Conclusions and future directions

We scrutinised several behavioural anxiety tests that have been translated across species boundaries. There is a lack of clinical innovation from rodent anxiety tests, and cross-species translation might help to identify potentially underlying neurobiological species differences. In addition, three clinically relevant goals could be achieved with these tests. The first is anxiolytic candidate drug screening in humans, to avoid clinical trials with compounds that are likely to fail due to species differences. Two tests (NPU and AAC stay & play test) have been used for this purpose but only by the academic investigators who developed them. Independent comparison of achievable effect sizes and thus statistical power of these tests, as well as of predictive validity, might be a way forward to convince industrial and public funders that this approach is useful and cost-effective.

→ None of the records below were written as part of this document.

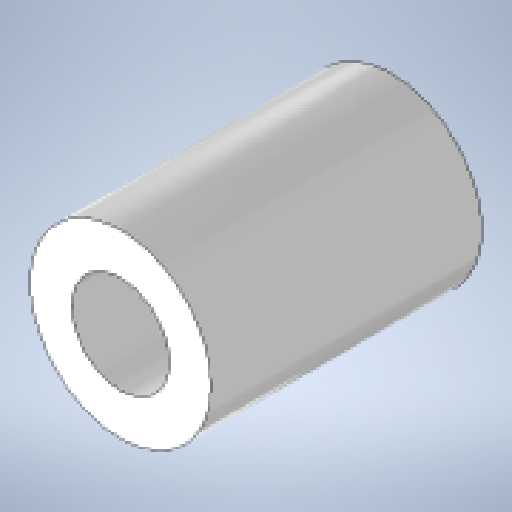
# Autodesk Inventor part: Wedge Mount
Saved by Autodesk Inventor 2023.2 (Build 272271000, 271)
## iProperties
Created: 2024-04-01
Part Number: Wedge Mount
Material: UHMW, White
Document SubType Name: Modeling
Designer: Nathan Cai
Density: 0.94 g/cm^3
Appearance: Smooth - White
Mass: 7.49207 g
Surface Area: 37.8303 cm^2
Volume: 7.97029 cm^3
Author: Nathan Cai
Autodesk Inventor part; units mm, degrees
ref_plane "YZ Plane" through (0, 0, 0) normal (1, 0, 0) x (0, 1, 0)
ref_plane "XZ Plane" through (0, 0, 0) normal (0, 1, 0) x (-1, 0, 0)
ref_plane "XY Plane" through (0, 0, 0) normal (0, 0, 1) x (1, 0, 0)
sketch "Sketch3" plane through (0, 0, 0) normal (0, 0, 1) x (1, 0, 0)
  circle A0 centre (0, 0) radius 3.429
  circle A1 centre (0, 0) radius 6.35
  line L0 (6.35, 22.225) -> (-19.1908, 0.7937)
  line L1 (-19.1908, 0.7937) -> (-6.3002, 0.7937)
  line L2 (6.35, 22.225) -> (6.35, 0)
  dimension "d23" = 6.858
  dimension "d24" = 12.7
  dimension "d27" = 0.7937
  dimension "d28" = 6.35
  dimension "d29" = 50
  dimension "d30" = 22.225
  constraints: 6 end point, 2 centre point, 2 coincident, 2 point on circle, 1 horizontal, 1 perpendicular
  measures "d23" diameter of A0
  measures "d24" diameter of A1
  measures "d27" distance from line of point (0, 0) L1
  measures "d28" distance from line of L2 point (0, 0)
  measures "d29" angle of L2 L0
  measures "d30" vertical distance of point (0, 0) L0.start
extrude "Extrusion3" add sketch "Sketch3" along normal blind 19.05
fillet "Fillet2" radius 6.35 1 edges at (-6.3002, 0.7938, 9.525)
sketch "Sketch4" plane through (-19.1908, 0.7938, 19.05) normal (-0.6427876, 0.7660444, 0) x (0.7660444, 0.6427876, 0)
  line L0 (33.3411, 0) -> (0, 0) projected
  line L1 (6.35, 0) -> (6.35, 18.8766) construction
  line L2 (0, 19.05) -> (0, 0) projected
  line L3 (0, 9.525) -> (33.3411, 9.525) construction
  line L4 (33.3411, 19.05) -> (33.3411, 0) projected
  point P0 (14.1908, 19.05)
  point P1 (6.35, 3.175)
  point P2 (6.35, 15.875)
  point P3 (16.1742, 15.875)
  point P4 (16.1742, 3.175)
  point P5 (25.9983, 15.875)
  point P6 (25.9983, 3.175)
  dimension "d33" = 6.35
  dimension "d34" = 3.175
  dimension "d45" = 9.8242
  constraints: 4 end point, 2 midpoint, 2 point on line, 1 horizontal, 1 symmetric about line, 1 vertical, 4 other
  measures "d33" distance between parallel lines of L2 L1
  measures "d34" distance from line of L0 point (6.35, 3.175)
  measures "d45" distance of point (6.35, 15.875) point (16.174, 15.875)
hole "Hole1" at (-14.3264, 4.8755, 15.875) at (-14.3264, 4.8755, 3.175) at (-6.8006, 11.1903, 15.875) at (-6.8006, 11.1903, 3.175) at (0.7251, 17.5052, 3.175) at (0.7251, 17.5052, 15.875) direction (0.6427876, -0.7660444, 0) diameter 2.54 depth 6.35 tip angle 118
fillet "Fillet4" radius 1.5875 2 edges at (-19.1908, 0.7937, 9.525) (6.35, 22.225, 9.525)
body "Solid2"
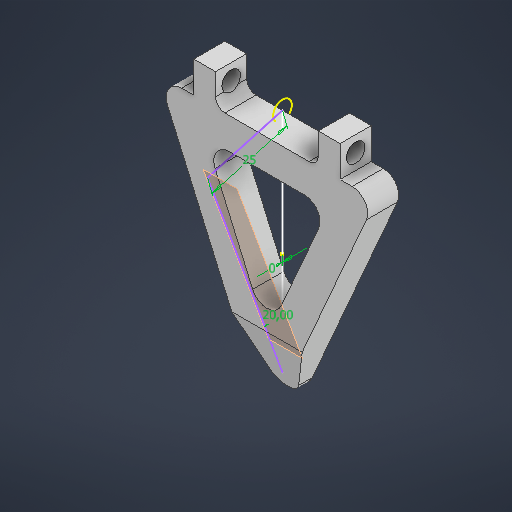
# Autodesk Inventor part: trojúhleník_closer
Saved by Autodesk Inventor 2026 (Build 300175050, 175E)
## iProperties
Created: 2026-02-24
Part Number: trojúhleník_closer
Material: Všeobecné
Document SubType Name: Modeling
Designer: marti
Density: 1 g/cm^3
Appearance: Výchozí
Author: marti
Autodesk Inventor part; units mm, degrees
ref_plane "XZ Plane" through (0, 0, 0) normal (0, 1, 0) x (-1, 0, 0)
ref_plane "XY Plane" through (0, 0, 0) normal (0, 0, 1) x (1, 0, 0)
sketch "Náčrt1" plane through (0, 0, 0) normal (0, 0, 1) x (1, 0, 0)
  line L0 (-35, 35) -> (35, 35)
  line L1 (-35, 35) -> (0, -45)
  line L2 (0, -45) -> (35, 35)
  line L3 (0, 51) -> (0, -61) projected
  line L4 (-49, 0) -> (49, 0) projected
  line L5 (19.7098, 25) -> (-19.7098, 25)
  line L6 (-19.7098, 25) -> (0, -20.0511)
  line L7 (0, -20.0511) -> (19.7098, 25)
  point P0 (0, 0)
  dimension "d3" = 70
  dimension "d36" = 80
  dimension "d37" = 35
  dimension "d38" = 10
  constraints: 12 end point, 1 parallel, 1 point on line, 1 symmetric about line, 2 other
  measures "d3" distance of L0.start L0.end
  measures "d36" distance from line of L0 L1.end
  measures "d37" distance between parallel lines of L0 L4
  measures "d38" distance between parallel lines of L2 L7
extrude "Vysunutí1" add sketch "Náčrt1" along normal mid plane 10 contours L0 L3 L5 L6 L4 L1 | L0 L2 L4 L7 L5 L3 | L4 L6 L3 L1 | L3 L7 L4 L2
fillet "Zaoblení1" radius 5 6 edges at (-35, 35, 0) (35, 35, 0) (0, -45, 0) (0, -20.0511, 0) (-19.7098, 25, 0) (19.7098, 25, 0)
ref_plane "Pracovní rovina1" through (20, 0, 0) normal (1, 0, 0) x (0, 1, 0)
ref_plane "Pracovní rovina2" through (-20, 0, 0) normal (1, 0, 0) x (0, 1, 0)
sketch "Náčrt3" plane through (20, 0, 0) normal (1, 0, 0) x (0, 1, 0)
  line L0 (45, -5) -> (30, -5)
  line L1 (30, -5) -> (30, 5)
  line L2 (30, 5) -> (45, 5)
  line L3 (45, 5) -> (45, -5)
  line L4 (35, 5) -> (35, -5) projected
  point P0 (0, 0)
  dimension "d18" = 15
  dimension "d19" = 10
  dimension "d20" = 10
  constraints: 8 end point, 2 parallel, 1 horizontal, 1 perpendicular
  measures "d18" distance of L1.end L2.end
  measures "d19" distance of L0.end L1.end
  measures "d20" distance between parallel lines of L4 L3
sketch "Náčrt4" plane through (-20, 0, 0) normal (1, 0, 0) x (0, 1, 0)
  line L0 (45, -5) -> (45, 5) projected
  line L1 (35, -5) -> (45, -5) projected
  line L2 (45, 5) -> (35, 5) projected
  line L3 (35, -5) -> (27.9959, -5) projected
  line L4 (27.9959, -5) -> (27.9959, 5) projected
  line L5 (27.9959, 5) -> (35, 5) projected
  line L6 (35, 5) -> (35, -5) projected
  line L7 (45, -5) -> (35, -5)
  line L8 (35, -5) -> (35, 5)
  line L9 (35, 5) -> (45, 5)
  line L10 (45, 5) -> (45, -5)
  point P0 (0, 0)
  constraints: 8 end point, 2 parallel, 1 horizontal, 1 perpendicular
extrude "Vysunutí2" add sketch "Náčrt4" along normal mid plane 7
extrude "Vysunutí3" add sketch "Náčrt3" along normal mid plane 7
fillet "Zaoblení2" radius 3 2 edges at (16.5, 35, 0) (-16.5, 35, 0)
sketch "Náčrt5" plane through (23.5, 0, 0) normal (1, 0, 0) x (0, 0, -1)
  line L0 (5, 35) -> (5, 45) projected
  line L1 (5, 45) -> (-5, 45) projected
  line L2 (-5, 45) -> (-5, 35) projected
  line L3 (5, 35) -> (-5, 35) projected
  point P0 (0, 0)
  point P1 (0, 40)
hole "Díra1" at (23.5, 40, 0) direction (-1, 0, 0) diameter 6 end through all
sketch "Náčrt8" plane through (0, 0, 0) normal (1, 0, 0) x (0, 1, 0)
  arc A0 (38, -2.2361) -> (38, 2.2361) centre (40, 0) ccw projected
  line L0 (-32.8803, 0) -> (40, 0)
  line L1 (40, 0) -> (33.2745, 24.0784)
  line L2 (-32.8803, 0) -> (33.2745, 24.0784)
  point P0 (0, 0)
  dimension "d44" = 25
  dimension "d45" = 20
  dimension "d46" = 0
  constraints: 6 end point
  measures "d44" distance of L0.end L1.end
  measures "d45" angle of L2 L0
  measures "d46" distance from line of point (0, 0) L0
ref_plane "Pracovní rovina5" through (0, -19.1429, 5) normal (0, -0.3420201, 0.9396926) x (1, 0, 0)
sketch "Náčrt9" plane through (0, -19.1429, 5) normal (0, -0.3420201, 0.9396926) x (1, 0, 0)
  line L0 (-53.9277, 46.4461) -> (54.4181, 46.4461)
  line L1 (54.4181, 46.4461) -> (54.4181, -37.1249)
  line L2 (54.4181, -37.1249) -> (-53.9277, -37.1249)
  line L3 (-53.9277, -37.1249) -> (-53.9277, 46.4461)
  point P0 (0, 16.2783)
  constraints: 8 end point, 2 parallel, 1 horizontal, 1 perpendicular
extrude "Vysunutí6" cut sketch "Náčrt9" along normal blind 10

A second goal is the development of diagnostic or psychometric instruments. Two tests (social intrusion and NPU test) have provided some evidence that they measure clinically relevant individual differences. However, for different reasons, both tests require further confirmation of the predictive value of test scores, and of their psychometric properties. Such investigation would usefully include other anxiety tests to maximise the innovation potential of a large clinical trial. Interestingly, such instruments could also be used to measure anxiety symptoms elicited in the various anxiety models that induce longer-lasting phenotypes [4, 7] and are not covered in this review.

The third goal is to reject or confirm the conjecture that anxiety tests are aetiologically relevant. Here, the hope is that they can help elucidating the neurobiological mechanisms that underly symptoms of anxiety disorder. At the minimum, this would require evidence of gross overlap in the neural control of avoidance behaviour during symptom provocation in anxiety disorder, and during these tests in healthy persons. However, beyond the action of a fairly restricted class of anxiolytic drugs, such evidence does not exist. We have highlighted several ways forward, including more research on the neurophysiological underpinnings of anxiety symptoms in controlled symptom-provocation tasks. However, at the moment, one possible conclusion is that the physiological mechanisms might indeed be different. Crucially, this would not invalidate the other two goals. The tests may still measure clinically relevant behaviour when applied to patients or at-risk persons, and thus be diagnostic. They may also be able to identify relevant drugs that act on the GABAergic and serotonergic systems—which we know are relevant both for anxiety symptoms and for behavioural avoidance in healthy people—and thus have a useful place in the drug development pipeline.

To summarise, further work is needed to render cross-species anxiety tests clinically relevant. However, even if the promise of aetiological insights into anxiety disorders may be unrealistic, they have led, and will continue to lead, to fascinating insights into the control of avoidance behaviour in healthy individuals, and thus contribute to our understanding of biologically relevant behaviour.